- Exercise data:
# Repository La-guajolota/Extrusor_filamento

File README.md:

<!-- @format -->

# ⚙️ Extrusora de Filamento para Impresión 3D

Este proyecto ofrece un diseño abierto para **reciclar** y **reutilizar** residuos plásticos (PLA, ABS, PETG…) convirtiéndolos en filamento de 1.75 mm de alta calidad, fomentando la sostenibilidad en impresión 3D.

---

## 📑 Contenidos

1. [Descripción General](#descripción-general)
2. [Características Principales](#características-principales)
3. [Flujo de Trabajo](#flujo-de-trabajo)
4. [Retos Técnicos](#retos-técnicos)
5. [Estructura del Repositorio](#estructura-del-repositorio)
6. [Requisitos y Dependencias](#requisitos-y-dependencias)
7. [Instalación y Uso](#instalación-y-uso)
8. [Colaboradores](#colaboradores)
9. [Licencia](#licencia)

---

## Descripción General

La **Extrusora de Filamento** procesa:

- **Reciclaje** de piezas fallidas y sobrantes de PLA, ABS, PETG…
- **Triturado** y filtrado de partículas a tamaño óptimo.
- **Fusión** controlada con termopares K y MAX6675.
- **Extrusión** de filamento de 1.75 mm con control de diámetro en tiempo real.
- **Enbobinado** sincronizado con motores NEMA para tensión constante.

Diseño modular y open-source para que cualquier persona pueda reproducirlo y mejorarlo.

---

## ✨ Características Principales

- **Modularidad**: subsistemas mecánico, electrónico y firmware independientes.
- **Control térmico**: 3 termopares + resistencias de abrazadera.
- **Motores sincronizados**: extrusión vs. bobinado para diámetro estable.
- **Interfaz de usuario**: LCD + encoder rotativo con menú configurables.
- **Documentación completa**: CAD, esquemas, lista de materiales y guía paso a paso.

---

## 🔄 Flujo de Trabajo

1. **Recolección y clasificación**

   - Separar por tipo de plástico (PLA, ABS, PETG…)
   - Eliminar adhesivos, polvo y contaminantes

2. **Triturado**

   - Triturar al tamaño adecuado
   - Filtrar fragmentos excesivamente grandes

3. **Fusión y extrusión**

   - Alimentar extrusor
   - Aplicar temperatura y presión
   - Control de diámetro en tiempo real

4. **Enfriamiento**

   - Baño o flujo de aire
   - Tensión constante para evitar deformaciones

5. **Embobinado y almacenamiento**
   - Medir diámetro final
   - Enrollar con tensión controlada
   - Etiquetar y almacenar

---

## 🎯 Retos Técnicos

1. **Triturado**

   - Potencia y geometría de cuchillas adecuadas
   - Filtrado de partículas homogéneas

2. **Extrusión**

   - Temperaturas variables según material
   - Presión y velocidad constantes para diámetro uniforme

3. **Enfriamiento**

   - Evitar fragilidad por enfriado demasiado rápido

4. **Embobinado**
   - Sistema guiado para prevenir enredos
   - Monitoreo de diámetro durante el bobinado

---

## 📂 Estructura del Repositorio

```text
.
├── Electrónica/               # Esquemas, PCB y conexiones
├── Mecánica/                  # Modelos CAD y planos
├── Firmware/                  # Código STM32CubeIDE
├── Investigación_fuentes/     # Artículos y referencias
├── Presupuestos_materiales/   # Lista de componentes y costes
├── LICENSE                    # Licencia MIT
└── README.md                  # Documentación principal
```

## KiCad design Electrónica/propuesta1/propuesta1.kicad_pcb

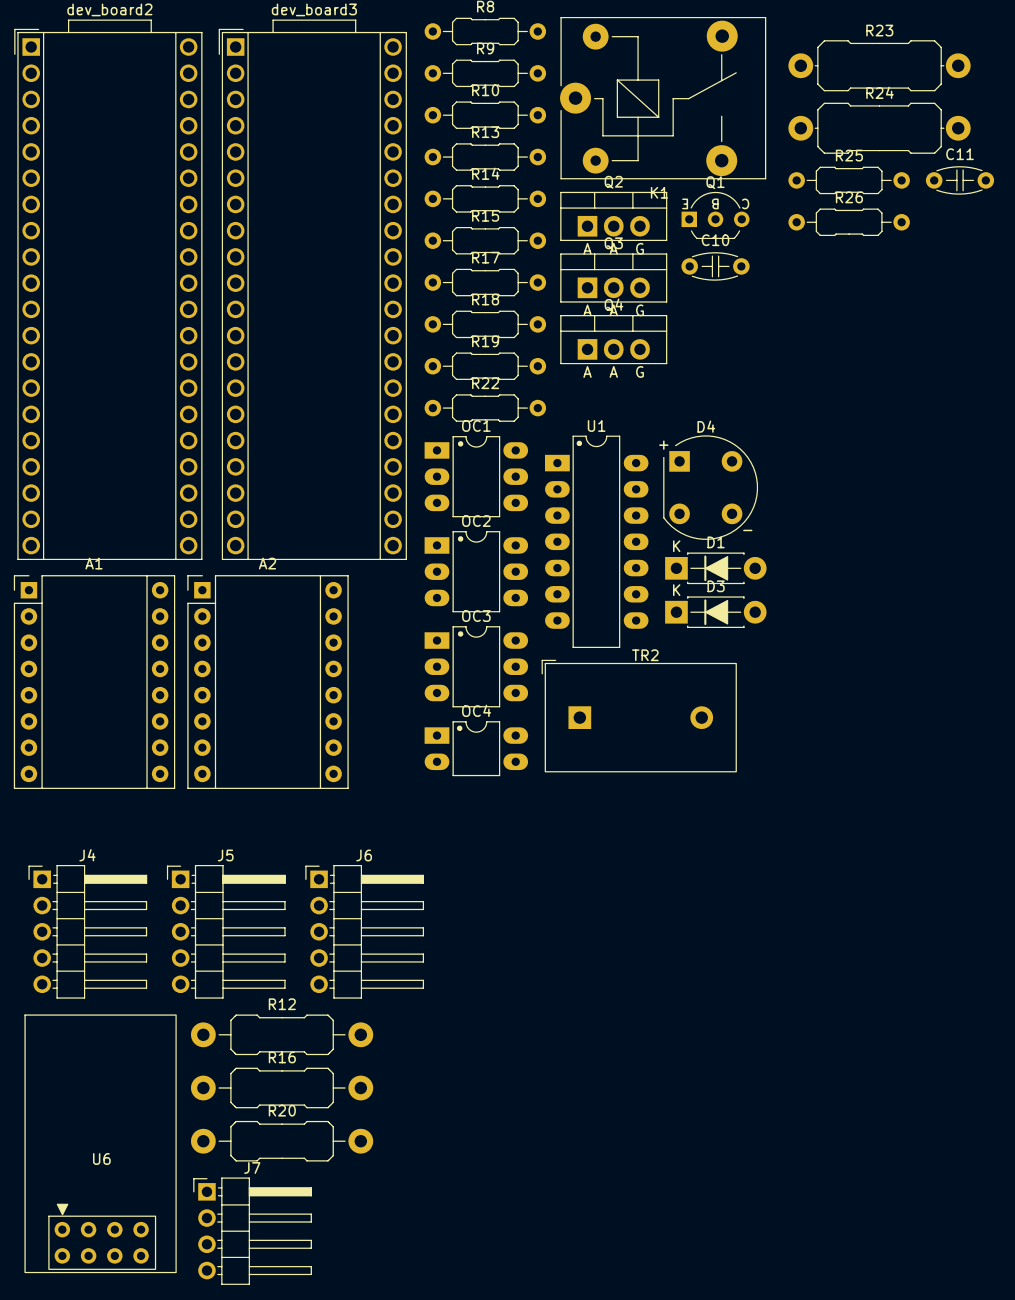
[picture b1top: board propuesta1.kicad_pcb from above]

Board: 2 copper layers, 42 parts (0 on the bottom side), 39 nets, no tracks yet.

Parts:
A1, A2: Pololu_Breakout_A4988; Pololu_Breakout-16_15.2x20.3mm
C10, C11: 100nf; C_Disc_D4.7mm_W2.5mm_P5.00mm
D1: 1N4003; D_DO-41_SOD81_P7.62mm_Horizontal
D3: 1N4001; D_DO-41_SOD81_P7.62mm_Horizontal
D4: 2W10G; Diode_Bridge_Round_D9.8mm
J4, J5, J6: Max6675_modulo; PinHeader_1x05_P2.54mm_Horizontal
J7: ESP01; PinHeader_1x04_P2.54mm_Horizontal
K1: SANYOU_SRD_Form_C; Relay_SPDT_SANYOU_SRD_Series_Form_C
OC1, OC2, OC3: MOC3021M; DIP-6_W7.62mm_LongPads
OC4: PC817; DIP-4_W7.62mm_LongPads
Q1: 2N2222A-TO92; TO-92_Inline_Wide_EBC
Q2, Q3, Q4: BTA12-600B; TO-220-3_Vertical_AAG
R8, R9, R13, R14, R17, R18: 180; R_Axial_DIN0207_L6.3mm_D2.5mm_P10.16mm_Horizontal
R10, R15, R19: 1.2K; R_Axial_DIN0207_L6.3mm_D2.5mm_P10.16mm_Horizontal
R12, R16, R20: 39 1W; R_Axial_DIN0411_L9.9mm_D3.6mm_P15.24mm_Horizontal
R22: 10k; R_Axial_DIN0207_L6.3mm_D2.5mm_P10.16mm_Horizontal
R23, R24: 5K 2W; R_Axial_DIN0414_L11.9mm_D4.5mm_P15.24mm_Horizontal
R25: 1k; R_Axial_DIN0207_L6.3mm_D2.5mm_P10.16mm_Horizontal
R26: 2k; R_Axial_DIN0207_L6.3mm_D2.5mm_P10.16mm_Horizontal
TR2: ZMCT103C; Transformer_Zeming_ZMCT103C
U1: TL084CN; DIP-14_W7.62mm_LongPads
U6: ESP-01S; ESP-01
dev_board2, dev_board3: Black_pill_stm32f411; Electrosmith_Daisy_Seed

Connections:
5VCC: A1.2 (VDD), A2.2 (VDD), C10.2, C11.2, R22.1, dev_board2.40 (5V), dev_board3.40 (5V)
12VCC_nema: A1.8 (VMOT), A2.8 (VMOT)
127VAC: K1.1, R24.1
+3.3V: J7.1, U6.7 (VCC)
+5V: J4.2, J5.2, J6.2
+12VA: D3.1 (K), K1.5, U1.4 (V+)
/Rx_mcu_esp01: J7.2, U6.1 (TX)
/Tx_mcu_esp01: J7.3, U6.8 (RX)
/cs: J4.4, J5.4, J6.4
/sck: J4.3, J5.3, J6.3
/so: J4.5, J5.5, J6.5
/zc: R25.2, R26.1
GND: J4.1, J5.1, J6.1, J7.4, U6.2 (GND)
GND1: Q1.1 (E), TR2.1, U1.11 (V-)
GND2: A1.1 (GND), A2.1 (GND), C10.1, C11.1, OC1.2, OC2.2, OC3.2, OC4.3, R26.2, dev_board2.19 (G), dev_board2.39 (G), dev_board3.19 (G), dev_board3.39 (G)
GND_nema: A1.7 (GND), A2.7 (GND)
NEUT: D1.1 (K), Q2.1 (A1), Q3.1 (A1), Q4.1 (A1), R23.1
unnamed: R9.1, R10.2
unnamed: R14.1, R15.2
unnamed: R18.1, R19.2
unnamed: D3.2 (A), K1.2, Q1.3 (C)
unnamed: D4.2 (1), R23.2
unnamed: D4.4 (2), R24.2
unnamed: D4.1 (+), OC4.1
unnamed: D4.3 (-), OC4.2
unnamed: OC1.1, R8.1
unnamed: OC1.6, R9.2
unnamed: OC2.1, R13.1
unnamed: OC2.6, R14.2
unnamed: OC3.1, R17.1
unnamed: OC3.6, R18.2
unnamed: OC4.4, R22.2
unnamed: Q2.2 (A2), R10.1, R12.1
unnamed: OC1.4, Q2.3 (G)
unnamed: Q3.2 (A2), R15.1, R16.1
unnamed: OC2.4, Q3.3 (G)
unnamed: Q4.2 (A2), R19.1, R20.1
unnamed: OC3.4, Q4.3 (G)
unnamed: U1.1, U1.2 (-)

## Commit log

2025-03-10 Primera carga
2025-03-10 Primera carga readme
2025-03-10 actualización de readme
2025-03-11 new file: Presupuestos_materiales/README.md
2025-03-31 new file: .gitignore new file: "Electr\303\263nica/propuesta1/propuesta1-backups/propuesta1-2025-03-12_202321.zip" new file: "Electr\303\263nica/propuesta1/propuesta1-backups/propuesta1-2025-03-19_20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
2025-03-31 Actualización de elementos de la rama
2025-03-31 deleted: Presupuestos_materiales/compras/.~lock.ODC_ELE001.xlsx# deleted: Presupuestos_materiales/compras/ODC_ELE001.xlsx
2025-04-02 modified: pcb
2025-04-02 deleted: Presupuestos_materiales/compras/Unit.xlsx
2025-04-02 new file: Firmware/.metadata/.ide.log new file: Firmware/.metadata/.lock new file: Firmware/.metadata/.log new file: Firmware/.metadata/.log4j2.xml new file: Firmware/.metadata/.plugins/com.st.stm32c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
2025-04-03 new file: "Electr\303\263nica/propuesta1/propuesta1-backups/propuesta1-2025-04-02_221845.zip" new file: "Electr\303\263nica/propuesta1/propuesta1-backups/propuesta1-2025-04-02_222917.zip" new file: "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
2025-04-06 modified: .gitignore
2025-04-24 modified: pid_lib max6675_lib AS5048B_lib extrusor_process_lib
2025-04-24 nuevo README.md y organización de carpetas
2025-04-24 modified: README.md
2025-04-24 resolucion de conflicto merge
2025-04-24 new file: README.md
2025-04-25 Liscencia agregada
2025-04-25 Actualización firmware
2025-04-27 Lectura de los max6675 secuencialmente corregida
2025-05-01 Reorganización y actualización de la carpeta de Investigación_funtes
2025-05-01 Actualización de driver para los encoders AS5048B
2025-05-01 Modificación: driver AS5048B |
2025-05-01 Actualización de firmware
2025-05-01 Reorganización de carpetas y añadido de información nueva
2025-05-01 Reorganización de archivos
2025-05-01 Limpieza de la rama
2025-05-15 Cascaded PID
2025-05-15 kikcad
2025-05-15 Peletizer_controller first commit

- Task to carry out: From the line containing "2025-04-02 deleted: Presupuestos_materiales/compras/Unit.xlsx" down to the line containing "2025-04-02 new file: Firmware/.metadata/.ide.log" in the material above, reproduce every line exactly, including the two end lines.

- Response area:
2025-04-02 deleted: Presupuestos_materiales/compras/Unit.xlsx
2025-04-02 new file: Firmware/.metadata/.ide.log new file: Firmware/.metadata/.lock new file: Firmware/.metadata/.log new file: Firmware/.metadata/.log4j2.xml new file: Firmware/.metadata/.plugins/com.st.stm32c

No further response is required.